YOUR TASK: Counting every line in the records below that holds "ezdxf", give the total and add nothing.

Collection entries:

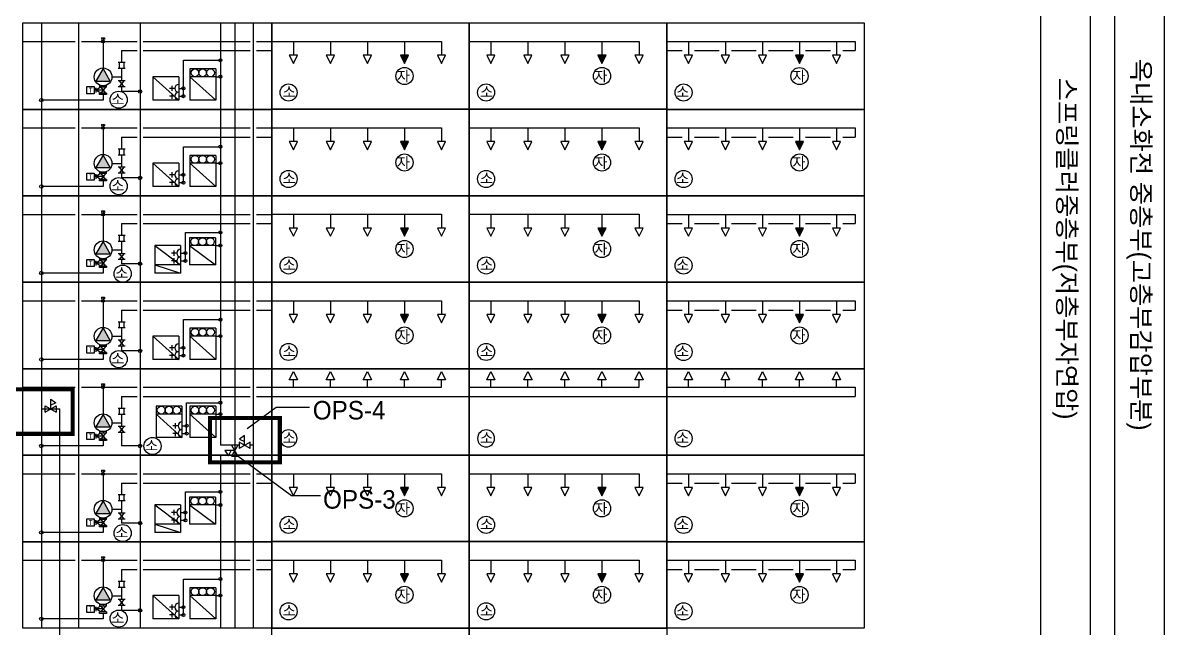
# Model space of a CAD drawing. Header units: millimetres. Extents: x -690680 to -601580, y 65384 to 191384.
# Drawn here: x -662031 to -634293, y 119664 to 134364 of the extents above; entities that cross this region are included whole.
import ezdxf
from ezdxf.enums import TextEntityAlignment as Align

# ---------------------------------------------------------------- set-up
doc = ezdxf.new("R2010")
doc.units = ezdxf.units.MM
doc.header["$LTSCALE"] = 200
doc.linetypes.add('HID', pattern=[2.3, 1.5, -0.8])
for name, color, linetype in [('105-2', 7, 'Continuous'), ('2', 2, 'Continuous'), ('4', 4, 'Continuous'), ('CO', 7, 'Continuous'), ('D', 1, 'Continuous'), ('FF', 255, 'Continuous'), ('HH', 3, 'Continuous'), ('HSP', 5, 'Continuous'), ('LH', 2, 'Continuous'), ('LSP', 6, 'Continuous'), ('SO', 7, 'Continuous'), ('SP', 3, 'Continuous'), ('감압밸브', 7, 'Continuous')]:
    doc.layers.add(name, color=color, linetype=linetype)
doc.styles.add('돋움', font='Dotum.ttf')
doc.styles.add('돋움체', font='DotumChe.ttf')
doc.styles.add('맑은고딕', font='malgun.ttf', dxfattribs={"width": 0.8})

# ---------------------------------------------------------------- blocks, each defined once
blk = doc.blocks.new('A$C300037FE')
at = {"layer": '4'}
blk.add_lwpolyline([(0, 0), (0, 2100), (4800, 2100), (4800, 0)], close=True, dxfattribs=at)
at = {"layer": 'FF', "color": 3}
for p, q in [((525, 1650), (525, 1834)), ((1425, 1650), (1425, 1834)), ((2325, 1650), (2325, 1834)), ((3225, 1650), (3225, 1834)), ((4125, 1650), (4125, 1834)), ((0, 1650), (4575, 1650)), ((0, 1425), (4575, 1425)), ((4575, 1650), (4575, 1425))]:
    blk.add_line(p, q, dxfattribs=at)
at = {"layer": 'SO', "color": 4}
blk.add_circle((408, 408), 208, dxfattribs=at)
at = {"layer": 'SP', "color": 4, "elevation": 0}
for points in [[(625, 1834), (425, 1834), (525, 2033), (625, 1834)], [(1525, 1834), (1325, 1834), (1425, 2033), (1525, 1834)], [(2425, 1834), (2225, 1834), (2325, 2033), (2425, 1834)], [(3325, 1834), (3125, 1834), (3225, 2033), (3325, 1834)], [(4225, 1834), (4025, 1834), (4125, 2033), (4225, 1834)]]:
    blk.add_lwpolyline(points, dxfattribs=at)
at = {"layer": 'SO', "color": 7, "style": '맑은고딕'}
blk.add_text('소', height=252, dxfattribs=at).set_placement((228, 295))
blk = doc.blocks.new('A$C79375616')
at = {"layer": '105-2'}
blk.add_hatch(color=1, dxfattribs=at).paths.add_polyline_path([(3125, 1316), (3325, 1316), (3225, 1117)])
at = {"layer": '105-2', "color": 1}
blk.add_lwpolyline([(3325, 1316), (3125, 1316), (3225, 1117), (3325, 1316)], dxfattribs=at)
at = {"layer": '4'}
blk.add_lwpolyline([(0, 0), (0, 2100), (4800, 2100), (4800, 0)], close=True, dxfattribs=at)
at = {"layer": 'CO', "color": 4}
blk.add_circle((3225, 808), 208, dxfattribs=at)
at = {"layer": 'FF', "color": 3}
for p, q in [((0, 1650), (4575, 1650)), ((0, 1425), (375, 1425)), ((525, 1650), (525, 1316)), ((675, 1425), (1275, 1425)), ((1425, 1650), (1425, 1316)), ((1575, 1425), (2175, 1425)), ((2325, 1650), (2325, 1316)), ((2475, 1425), (3075, 1425)), ((3225, 1650), (3225, 1316)), ((3375, 1425), (3975, 1425)), ((4125, 1650), (4125, 1316)), ((4275, 1425), (4575, 1425)), ((4575, 1650), (4575, 1425))]:
    blk.add_line(p, q, dxfattribs=at)
at = {"layer": 'SO', "color": 4}
blk.add_circle((408, 408), 208, dxfattribs=at)
at = {"layer": 'SP', "color": 4, "elevation": 0}
for points in [[(625, 1316), (425, 1316), (525, 1117), (625, 1316)], [(1525, 1316), (1325, 1316), (1425, 1117), (1525, 1316)], [(2425, 1316), (2225, 1316), (2325, 1117), (2425, 1316)], [(4225, 1316), (4025, 1316), (4125, 1117), (4225, 1316)]]:
    blk.add_lwpolyline(points, dxfattribs=at)
at = {"layer": 'CO', "color": 7, "style": '맑은고딕'}
blk.add_text('자', height=252, dxfattribs=at).set_placement((3056, 679))
at = {"layer": 'SO', "color": 7, "style": '맑은고딕'}
blk.add_text('소', height=252, dxfattribs=at).set_placement((228, 295))
blk = doc.blocks.new('33TT3T3T')
at = {"layer": '105-2'}
blk.add_hatch(color=1, dxfattribs=at).paths.add_polyline_path([(-646636, 175745), (-646437, 175745), (-646536, 175546)])
at = {"layer": '105-2', "color": 1}
blk.add_lwpolyline([(-646437, 175745), (-646636, 175745), (-646536, 175546), (-646437, 175745)], dxfattribs=at)
at = {"layer": '4'}
blk.add_lwpolyline([(-649761, 174430), (-649761, 176530), (-644961, 176530), (-644961, 174430)], close=True, dxfattribs=at)
at = {"layer": 'CO', "color": 4}
blk.add_circle((-646536, 175238), 208, dxfattribs=at)
at = {"layer": 'FF', "color": 3}
for p, q in [((-649761, 176080), (-645636, 176080)), ((-649236, 176080), (-649236, 175745)), ((-648336, 176080), (-648336, 175745)), ((-647436, 176080), (-647436, 175745)), ((-646536, 176080), (-646536, 175745)), ((-645636, 176080), (-645636, 175745))]:
    blk.add_line(p, q, dxfattribs=at)
at = {"layer": 'SO', "color": 4}
blk.add_circle((-649353, 174838), 208, dxfattribs=at)
at = {"layer": 'SP', "color": 4, "elevation": 0}
for points in [[(-649137, 175745), (-649336, 175745), (-649236, 175546), (-649137, 175745)], [(-648237, 175745), (-648436, 175745), (-648336, 175546), (-648237, 175745)], [(-647337, 175745), (-647536, 175745), (-647436, 175546), (-647337, 175745)], [(-645537, 175745), (-645736, 175745), (-645636, 175546), (-645537, 175745)]]:
    blk.add_lwpolyline(points, dxfattribs=at)
at = {"layer": 'CO', "color": 7, "style": '맑은고딕', "text_generation_flag": 6}
blk.add_text('자', height=252, rotation=180, dxfattribs=at).set_placement((-646720, 175109))
at = {"layer": 'SO', "color": 7, "style": '맑은고딕', "text_generation_flag": 4}
blk.add_text('소', height=252, rotation=180, dxfattribs=at).set_placement((-649183, 174725))
blk = doc.blocks.new('A$C43503D72')
at = {"layer": '4'}
blk.add_lwpolyline([(4800, 0), (4800, 2100), (0, 2100), (0, 0)], close=True, dxfattribs=at)
at = {"layer": 'FF', "color": 3}
for p, q in [((675, 1650), (675, 1834)), ((1575, 1650), (1575, 1834)), ((2475, 1650), (2475, 1834)), ((3375, 1650), (3375, 1834)), ((4275, 1650), (4275, 1834)), ((4800, 1650), (675, 1650))]:
    blk.add_line(p, q, dxfattribs=at)
at = {"layer": 'SO', "color": 4}
blk.add_circle((4392, 408), 208, dxfattribs=at)
at = {"layer": 'SP', "color": 4, "elevation": 0}
for points in [[(575, 1834), (775, 1834), (675, 2033), (575, 1834)], [(1475, 1834), (1675, 1834), (1575, 2033), (1475, 1834)], [(2375, 1834), (2575, 1834), (2475, 2033), (2375, 1834)], [(3275, 1834), (3475, 1834), (3375, 2033), (3275, 1834)], [(4175, 1834), (4375, 1834), (4275, 2033), (4175, 1834)]]:
    blk.add_lwpolyline(points, dxfattribs=at)
at = {"layer": 'SO', "color": 7, "style": '맑은고딕'}
blk.add_text('소', height=252, dxfattribs=at).set_placement((4222, 295))
blk = doc.blocks.new('WFWFWFGHH')
at = {"layer": 'FF', "linetype": 'Continuous'}
blk.add_hatch(color=1, dxfattribs=at).paths.add_polyline_path([(-683741, 145855), (-683916, 145551), (-683566, 145551)])
blk.add_hatch(color=1, dxfattribs=at).paths.add_polyline_path([(-683741, 145855), (-683916, 145551), (-683566, 145551)])
for p, q in [((-681789, 145184), (-681789, 146057)), ((-681789, 146057), (-680891, 146057)), ((-682532, 145657), (-682532, 145089)), ((-681902, 145657), (-682532, 145657)), ((-682532, 145657), (-681902, 145089)), ((-681902, 145657), (-681902, 145089)), ((-681634, 145846), (-681634, 145089)), ((-681004, 145846), (-681634, 145846)), ((-681004, 145846), (-681634, 145846)), ((-681004, 145657), (-681634, 145657)), ((-681634, 145657), (-681004, 145089)), ((-681004, 145846), (-681004, 145089)), ((-681997, 145373), (-682123, 145373)), ((-682060, 145310), (-682060, 145436)), ((-681902, 145089), (-682532, 145089)), ((-681997, 145184), (-682123, 145184)), ((-682060, 145121), (-682060, 145247)), ((-681004, 145089), (-681634, 145089))]:
    blk.add_line(p, q)
at = {"color": 7}
for p, q in [((-681004, 145657), (-680891, 145657)), ((-681902, 145373), (-681789, 145373)), ((-681902, 145184), (-681789, 145184))]:
    blk.add_line(p, q, dxfattribs=at)
for centre in [(-681902, 145373), (-681902, 145184)]:
    blk.add_arc(centre, 94.5, 90, 270)
at = {"layer": '2', "color": 2}
for centre in [(-681508, 145751), (-681319, 145751), (-681130, 145751)]:
    blk.add_circle(centre, 94.5, dxfattribs=at)
for centre in [(-682406, 145751), (-682217, 145751), (-682028, 145751)]:
    blk.add_arc(centre, 94.5, 269.9967, 270.0033, dxfattribs=at)
at = {"layer": '4'}
blk.add_lwpolyline([(-685691, 146964), (-679641, 146964), (-679641, 144864), (-685691, 144864)], close=True, dxfattribs=at)
at = {"layer": 'D'}
blk.add_line((-682841, 146964), (-682841, 144864), dxfattribs=at)
at = {"layer": 'FF', "color": 3}
for p, q in [((-685691, 146514), (-684416, 146514)), ((-684266, 146514), (-682916, 146514)), ((-682766, 146514), (-680166, 146514)), ((-680016, 146514), (-679641, 146514)), ((-683291, 146289), (-683291, 145999)), ((-683291, 146289), (-682916, 146289)), ((-682766, 146289), (-680166, 146289)), ((-680016, 146289), (-679641, 146289)), ((-683291, 145855, 0), (-683291, 145558, 0)), ((-683291, 145855, 0), (-683291, 145558, 0)), ((-683291, 145414, 0), (-683291, 145304, 0)), ((-683291, 145414, 0), (-683291, 145297, 0))]:
    blk.add_line(p, q, dxfattribs=at)
at = {"layer": 'FF', "color": 3, "linetype": 'Continuous'}
for p, q in [((-683779, 146599, 0), (-683703, 146599, 0)), ((-683779, 146599, 0), (-683779, 146561, 0)), ((-683703, 146599, 0), (-683703, 146561, 0)), ((-683525, 145652), (-683291, 145652)), ((-683525, 145652), (-683291, 145652)), ((-682841, 145297), (-683291, 145297))]:
    blk.add_line(p, q, dxfattribs=at)
at = {"layer": 'FF', "color": 4}
for p, q in [((-683204, 145999, 0), (-683377, 145999, 0)), ((-683204, 145999, 0), (-683377, 145999, 0)), ((-683348, 145999, 0), (-683348, 145855, 0)), ((-683233, 145999, 0), (-683233, 145855, 0)), ((-683206, 145855, 0), (-683377, 145855, 0)), ((-683206, 145855, 0), (-683377, 145855, 0)), ((-683798, 145402), (-683918, 145330)), ((-683798, 145402), (-683918, 145330)), ((-683918, 145386), (-683918, 145274)), ((-683918, 145330), (-683918, 145386)), ((-683918, 145386), (-683918, 145274)), ((-683918, 145330), (-683918, 145386)), ((-683654, 145437), (-683827, 145437)), ((-683654, 145437), (-683827, 145437)), ((-683827, 145437), (-683827, 145402)), ((-683654, 145437), (-683827, 145437)), ((-683654, 145437), (-683827, 145437)), ((-683827, 145437), (-683827, 145402)), ((-683654, 145402), (-683827, 145402)), ((-683654, 145402), (-683827, 145402)), ((-683683, 145402), (-683798, 145258)), ((-683798, 145402), (-683683, 145258)), ((-683683, 145402), (-683798, 145258)), ((-683798, 145402), (-683683, 145258)), ((-683741, 145437), (-683724, 145437)), ((-683741, 145437), (-683724, 145437)), ((-683654, 145402), (-683654, 145437)), ((-683654, 145402), (-683654, 145437)), ((-683204, 145558, 0), (-683377, 145558, 0)), ((-683204, 145558, 0), (-683377, 145558, 0)), ((-683206, 145414, 0), (-683377, 145414, 0)), ((-683206, 145414, 0), (-683377, 145414, 0)), ((-683233, 145558, 0), (-683348, 145414, 0)), ((-683348, 145558, 0), (-683233, 145414, 0)), ((-683233, 145558, 0), (-683348, 145414, 0)), ((-683348, 145558, 0), (-683233, 145414, 0)), ((-683741, 145330), (-683959, 145330)), ((-683741, 145330), (-683959, 145330)), ((-683918, 145330), (-683918, 145342)), ((-683918, 145342), (-683918, 145319)), ((-683918, 145330), (-683918, 145342)), ((-683918, 145342), (-683918, 145319)), ((-683798, 145258), (-683918, 145330)), ((-683798, 145258), (-683918, 145330)), ((-683656, 145258), (-683827, 145258)), ((-683827, 145224), (-683827, 145258)), ((-683656, 145258), (-683827, 145258)), ((-683827, 145224), (-683827, 145258)), ((-683654, 145224), (-683825, 145224)), ((-683654, 145224), (-683825, 145224)), ((-683654, 145224), (-683825, 145224)), ((-683654, 145224), (-683825, 145224)), ((-683654, 145258), (-683654, 145224)), ((-683654, 145258), (-683654, 145224))]:
    blk.add_line(p, q, dxfattribs=at)
at = {"layer": 'FF', "color": 6, "linetype": 'Continuous'}
for p, q in [((-683741, 145089), (-685241, 145089)), ((-683741, 145224), (-683741, 145089)), ((-683741, 145224), (-683741, 145089))]:
    blk.add_line(p, q, dxfattribs=at)
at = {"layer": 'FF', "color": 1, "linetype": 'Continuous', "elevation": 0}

TASK ANSWER: 4